Another resulting change is the introduction of a tiny steering wheel that's mounted lower than what's usual. Some in the CarAdvice office found the layout hard to get comfortable with, whereas others (yours truly included) found no issue. It does take time to adjust to, however, so if you're genuinely interested make sure you ask for an extended test drive.

 

The rest of the experience is irregular, too, but in a different sense. The quality of the cabin looks and feels a cut above what's normal at this pricepoint, with high-end design now seemingly democratised for the mainstream. You'll find plenty of deeply grained plastics, many of which are soft, and stylish-looking fabric lining both doors and dashboard.
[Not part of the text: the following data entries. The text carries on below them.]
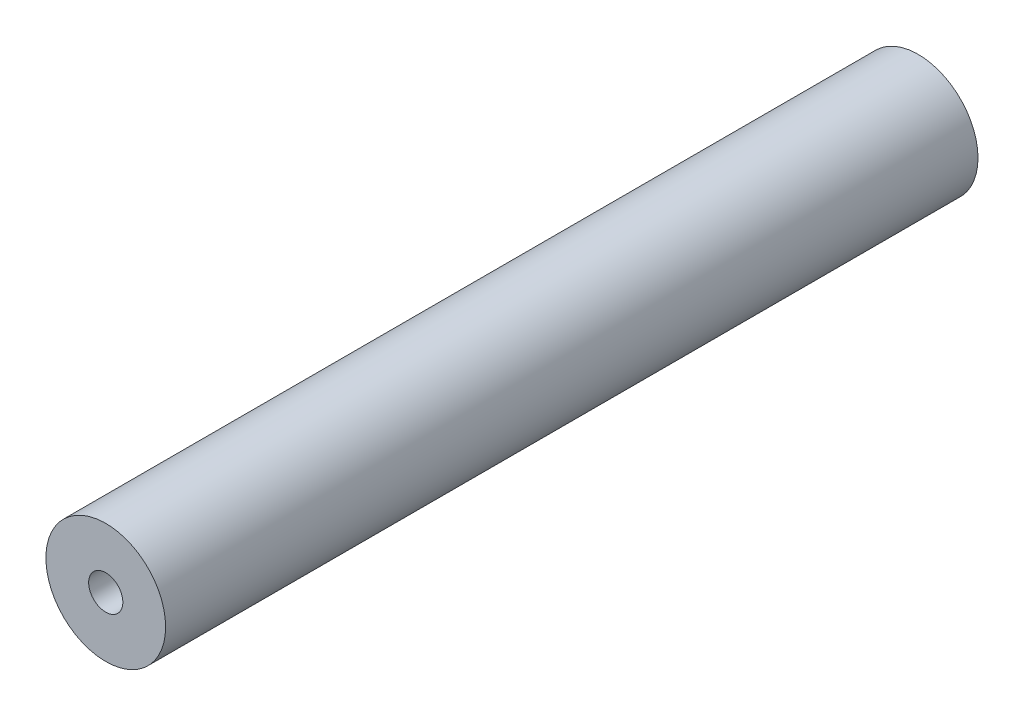
ISO-10303-21;
HEADER;
FILE_DESCRIPTION(('STEP AP214'),'2;1');
FILE_NAME('part.step','',(''),(''),'','','');
FILE_SCHEMA(('AUTOMOTIVE_DESIGN { 1 0 10303 214 1 1 1 1 }'));
ENDSEC;
DATA;
#1=APPLICATION_CONTEXT('core data for automotive mechanical design processes');
#2=APPLICATION_PROTOCOL_DEFINITION('international standard','automotive_design',2000,#1);
#3=PRODUCT_CONTEXT('',#1,'mechanical');
#4=PRODUCT('Part','Part','',(#3));
#5=PRODUCT_RELATED_PRODUCT_CATEGORY('part','',(#4));
#6=PRODUCT_DEFINITION_FORMATION('','',#4);
#7=PRODUCT_DEFINITION_CONTEXT('part definition',#1,'design');
#8=PRODUCT_DEFINITION('design','',#6,#7);
#9=PRODUCT_DEFINITION_SHAPE('','',#8);
#10=(LENGTH_UNIT() NAMED_UNIT(*) SI_UNIT(.MILLI.,.METRE.));
#11=(NAMED_UNIT(*) PLANE_ANGLE_UNIT() SI_UNIT($,.RADIAN.));
#12=(NAMED_UNIT(*) SI_UNIT($,.STERADIAN.) SOLID_ANGLE_UNIT());
#13=UNCERTAINTY_MEASURE_WITH_UNIT(LENGTH_MEASURE(1.E-05),#10,'distance_accuracy_value','');
#14=(GEOMETRIC_REPRESENTATION_CONTEXT(3) GLOBAL_UNCERTAINTY_ASSIGNED_CONTEXT((#13)) GLOBAL_UNIT_ASSIGNED_CONTEXT((#10,
#11,#12)) REPRESENTATION_CONTEXT('',''));
#15=CARTESIAN_POINT('',(0.,0.,0.));
#16=DIRECTION('',(0.,0.,1.));
#17=DIRECTION('',(1.,0.,0.));
#18=AXIS2_PLACEMENT_3D('',#15,#16,#17);
#19=CARTESIAN_POINT('',(0.,0.,95.));
#20=DIRECTION('',(0.,0.,-1.));
#21=DIRECTION('',(-1.,0.,0.));
#22=AXIS2_PLACEMENT_3D('',#19,#20,#21);
#23=CYLINDRICAL_SURFACE('',#22,7.);
#24=CARTESIAN_POINT('',(0.,0.,95.));
#25=DIRECTION('',(0.,0.,1.));
#26=DIRECTION('',(1.,0.,0.));
#27=AXIS2_PLACEMENT_3D('',#24,#25,#26);
#28=CIRCLE('',#27,7.);
#29=CARTESIAN_POINT('',(7.,0.,95.));
#30=VERTEX_POINT('',#29);
#31=EDGE_CURVE('E10',#30,#30,#28,.T.);
#32=ORIENTED_EDGE('',*,*,#31,.F.);
#33=EDGE_LOOP('',(#32));
#34=FACE_BOUND('',#33,.T.);
#35=CARTESIAN_POINT('',(0.,0.,0.));
#36=DIRECTION('',(0.,0.,1.));
#37=DIRECTION('',(1.,0.,0.));
#38=AXIS2_PLACEMENT_3D('',#35,#36,#37);
#39=CIRCLE('',#38,7.);
#40=CARTESIAN_POINT('',(7.,0.,0.));
#41=VERTEX_POINT('',#40);
#42=EDGE_CURVE('E36',#41,#41,#39,.T.);
#43=ORIENTED_EDGE('',*,*,#42,.T.);
#44=EDGE_LOOP('',(#43));
#45=FACE_BOUND('',#44,.T.);
#46=ADVANCED_FACE('F33',(#34,#45),#23,.T.);
#47=CARTESIAN_POINT('',(0.,0.,95.));
#48=DIRECTION('',(0.,0.,1.));
#49=DIRECTION('',(1.,0.,0.));
#50=AXIS2_PLACEMENT_3D('',#47,#48,#49);
#51=PLANE('',#50);
#52=CARTESIAN_POINT('',(0.,0.,95.));
#53=DIRECTION('',(0.,0.,1.));
#54=DIRECTION('',(1.,0.,0.));
#55=AXIS2_PLACEMENT_3D('',#52,#53,#54);
#56=CIRCLE('',#55,2.);
#57=CARTESIAN_POINT('',(2.,0.,95.));
#58=VERTEX_POINT('',#57);
#59=EDGE_CURVE('E45',#58,#58,#56,.T.);
#60=ORIENTED_EDGE('',*,*,#59,.F.);
#61=EDGE_LOOP('',(#60));
#62=FACE_BOUND('',#61,.T.);
#63=ORIENTED_EDGE('',*,*,#31,.T.);
#64=EDGE_LOOP('',(#63));
#65=FACE_BOUND('',#64,.T.);
#66=ADVANCED_FACE('F60',(#62,#65),#51,.T.);
#67=CARTESIAN_POINT('',(0.,0.,0.));
#68=DIRECTION('',(0.,0.,1.));
#69=DIRECTION('',(1.,0.,0.));
#70=AXIS2_PLACEMENT_3D('',#67,#68,#69);
#71=PLANE('',#70);
#72=ORIENTED_EDGE('',*,*,#42,.F.);
#73=EDGE_LOOP('',(#72));
#74=FACE_BOUND('',#73,.T.);
#75=ADVANCED_FACE('F56',(#74),#71,.F.);
#76=CARTESIAN_POINT('',(0.,0.,30.));
#77=DIRECTION('',(0.,0.,1.));
#78=DIRECTION('',(1.,0.,0.));
#79=AXIS2_PLACEMENT_3D('',#76,#77,#78);
#80=CYLINDRICAL_SURFACE('',#79,2.);
#81=CARTESIAN_POINT('',(0.,0.,30.));
#82=DIRECTION('',(0.,0.,1.));
#83=DIRECTION('',(1.,0.,0.));
#84=AXIS2_PLACEMENT_3D('',#81,#82,#83);
#85=CIRCLE('',#84,2.);
#86=CARTESIAN_POINT('',(2.,0.,30.));
#87=VERTEX_POINT('',#86);
#88=EDGE_CURVE('E43',#87,#87,#85,.T.);
#89=ORIENTED_EDGE('',*,*,#88,.F.);
#90=EDGE_LOOP('',(#89));
#91=FACE_BOUND('',#90,.T.);
#92=ORIENTED_EDGE('',*,*,#59,.T.);
#93=EDGE_LOOP('',(#92));
#94=FACE_BOUND('',#93,.T.);
#95=ADVANCED_FACE('F53',(#91,#94),#80,.F.);
#96=CARTESIAN_POINT('',(0.,0.,30.));
#97=DIRECTION('',(0.,0.,1.));
#98=DIRECTION('',(1.,0.,0.));
#99=AXIS2_PLACEMENT_3D('',#96,#97,#98);
#100=PLANE('',#99);
#101=ORIENTED_EDGE('',*,*,#88,.T.);
#102=EDGE_LOOP('',(#101));
#103=FACE_BOUND('',#102,.T.);
#104=ADVANCED_FACE('F51',(#103),#100,.T.);
#105=CLOSED_SHELL('',(#46,#66,#75,#95,#104));
#106=MANIFOLD_SOLID_BREP('B2',#105);
#107=ADVANCED_BREP_SHAPE_REPRESENTATION('',(#18,#106),#14);
#108=SHAPE_DEFINITION_REPRESENTATION(#9,#107);
ENDSEC;
END-ISO-10303-21;

Anyone who jumps in not knowing the brand will leave pleasantly surprised.

Other inclusions are a configurable 12.3-inch digital instrument cluster, and new-for-2021 10-inch centre infotainment display featuring the regular smartphone connectivity apps.

 

You'll notice there are no air-conditioning controls in the cabin, because the bulk of the system is controlled through the touchscreen. While this decision does streamline the cabin's design, it does make the climate-control system trickier to adjust on the move, as physical switches are easier to learn and use by touch and muscle memory.

Seat trim for the money is a cloth and faux leather combo that's nice enough for the price. More important, however, is their sculpted and well-bolstered design, which also features driver's side lumbar support for added comfort. Storage is great, with there being a huge armrest storage console, door bins large enough to home big water bottles, and large cupholders.

 

Over in the second row, space is tight. Sitting behind my own driving position (I'm 183cm tall) resulted in my knees coming awfully close to the seat back, no space to shove my feet under the seat in front, and my head being quite close to the roof lining. The lack of foot room probably affects comfort the most, as it means you're unable to stretch out and get comfortable.

However, younger (smaller) teenagers and kids will find the space on offer satisfactory. Also on the plus side, a high hip point helps prevent strain when exiting or entering, and a flat floor means the piggy in the middle has some foot room. The rear bench will happily accept both a baby seat and capsule, but the latter does require the front passenger to adjust their seat more forward to accommodate. Other extras in the back include a pair of air vents, two USB ports and some small storage areas.

 

Behind all the occupant action sits a 591L boot, which is great for the segment. Other nice touches include twin storage bins on either side of the cargo area that are great for storing dirty goods or things for bub.

The size of the opening has no issue accepting strollers and prams, which makes it ideal for the young family. You'll also find a pair of seat-folding levers that if pulled creates 1670L of storage space. Lastly, a space-saving spare wheel can be found under the boot floor.

Peugeot's entry-level medium SUV is a cracker for those seeking difference. The balance of what's good and what's not falls in your favour, with excellent on-road dynamics, a classy exterior and interior, and large boot all bolstering your emotional side with some rational goodness.

However, the second row can be cramped for adults, so consider that if your kids are either taller than average or well into their teenage years. That's as bad as it gets, though, so it's worth trying on for size if it fits the budget.